L'amendement n° 107 de M. Taverne à l'article 5 de la proposition de loi visant à renforcer la sécurité, la rétention administrative et la prévention des risques d'attentat (première lecture).
REJETÉRésultat du vote
Les députés ont rejeté le 15 avril 2026 l'amendement n° 107 de M. Taverne à l'article 5 de la proposition de loi visant à renforcer la sécurité, la rétention administrative et la prévention des risques d'attentat (première lecture).
Au total, 92 députés ont pris part au vote : 53 % ont voté contre, 38 % ont voté en faveur, et 9 % se sont abstenus.
Infos
| Date | 15 avril 2026 | |
| Type de vote | Amendement | |
| Dossier | Renforcer la sécurité, la rétention administrative et la prévention des risques d’attentat |
Résumé de l'amendement
Cet amendement vise à rétablir la possibilité de demander un sursis à exécution d'un jugement annulant une décision administrative, même lorsqu'un appel en référé-liberté est possible. Il s'agit de conserver cette garantie procédurale aux côtés des autres voies de recours existantes.
Les auteurs de l'amendement considèrent que la suppression de cette disposition n'est pas justifiée, car le référé-liberté et le sursis à exécution sont deux mécanismes distincts qui répondent à des objectifs différents. Selon eux, maintenir cette option procédurale enrichit les possibilités de protection des parties sans créer de redondance problématique.

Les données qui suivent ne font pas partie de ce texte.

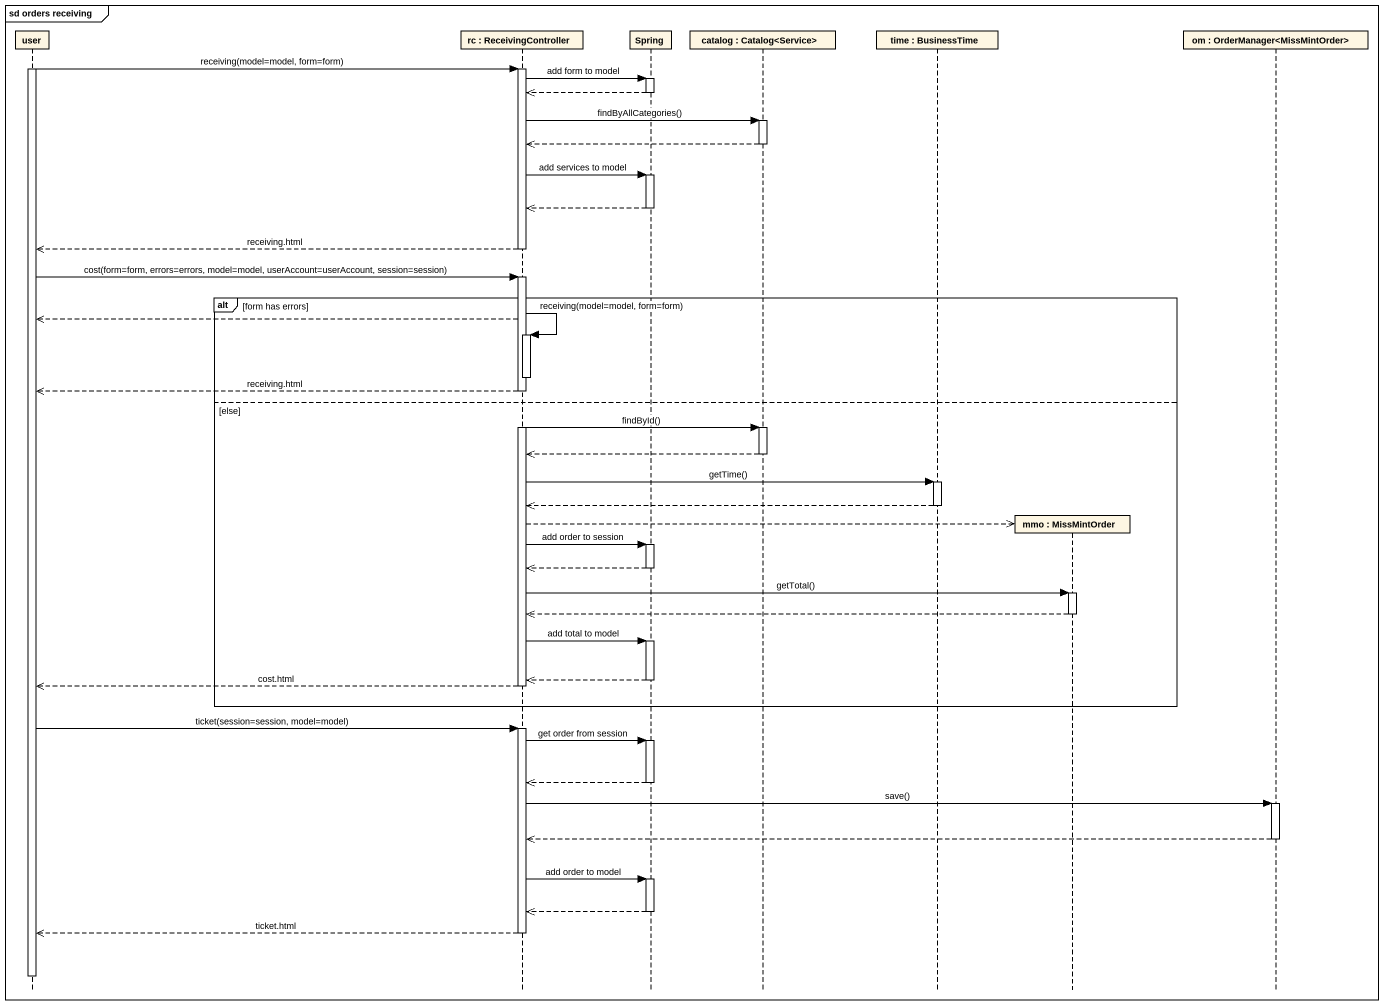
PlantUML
@startuml
mainframe sd orders receiving
hide footbox
participant user
participant "rc : ReceivingController" as rc
participant Spring
participant "catalog : Catalog<Service>" as catalog
participant "time : BusinessTime" as time
participant "mmo : MissMintOrder" as mmo
participant "om : OrderManager<MissMintOrder>" as om

activate user
user -> rc : receiving(model=model, form=form)
activate rc
rc -> Spring : add form to model
activate Spring
Spring -->> rc
deactivate Spring
rc -> catalog : findByAllCategories()
activate catalog
catalog -->> rc
deactivate catalog
rc -> Spring : add services to model
activate Spring
Spring -->> rc
deactivate Spring
rc -->> user : receiving.html
deactivate rc
user -> rc : cost(form=form, errors=errors, model=model, userAccount=userAccount, session=session)
activate rc
alt form has errors
  rc -->> user
  rc -> rc : receiving(model=model, form=form)
  activate rc
  deactivate rc
  rc -->> user : receiving.html
else else
  rc -> catalog : findById()
  activate catalog
  catalog -->> rc
  deactivate catalog
  rc -> time : getTime()
  activate time
  time -->> rc
  deactivate time
  rc -->> mmo **
  rc -> Spring : add order to session
  activate Spring
  Spring -->> rc
  deactivate Spring
  rc -> mmo : getTotal()
  activate mmo
  mmo -->> rc
  deactivate mmo
  rc -> Spring : add total to model
  activate Spring
  Spring -->> rc
  deactivate Spring
  rc -->> user : cost.html
  deactivate rc
end
user -> rc : ticket(session=session, model=model)
activate rc
rc -> Spring : get order from session
activate Spring
Spring -->> rc
deactivate Spring
rc -> om : save()
activate om
om -->> rc
deactivate om
rc -> Spring : add order to model
activate Spring
Spring -->> rc
deactivate Spring
rc -->> user : ticket.html
deactivate rc
deactivate user
@enduml

Ce texte est un résumé de l'exposé des motifs.
La position des groupes
Les votes des députés et des groupes
Exposé des motifs de l'amendement
L'objectif d'un amendement est de modifier ou d'ajouter une mesure d'un projet ou d'une proposition de loi. Le ou les députés qui rédigent l'amendement écrivent également un exposé des motifs.
Par cet amendement, les députés du groupe Rassemblement National souhaitent revenir sur la suppression du 2° de l'article 5, suppression qui ne semble pas justifiée. En effet, le fait que le jugement annulant la décision de renouvellement prévue à l’article L. 228-4 du code de la sécurité intérieure puisse faire l’objet d’un référé-liberté, dont l’appel est examiné dans un délai de quarante-huit heures, ne prive pas d’intérêt l’instauration d’une demande de sursis à exécution de ce jugement en cas d’appel, et ce pour deux raisons.
Premièrement, le référé ne peut conduire qu’à une décision provisoire. Il ne se substitue pas à la voie de l’appel, de sorte que la suppression intervenue aboutit à la contrainte d’engager deux voies de recours parallèles ;
Deuxièmement, au surplus, l’introduction du référé n’a pas pour effet de suspendre le jugement qui ne peut l’être que par la décision du juge, de sorte qu’il existe un délai - certes court - pendant lequel ce jugement produit ses effets (qui peuvent avoir de vraies répercussions en termes de sécurité).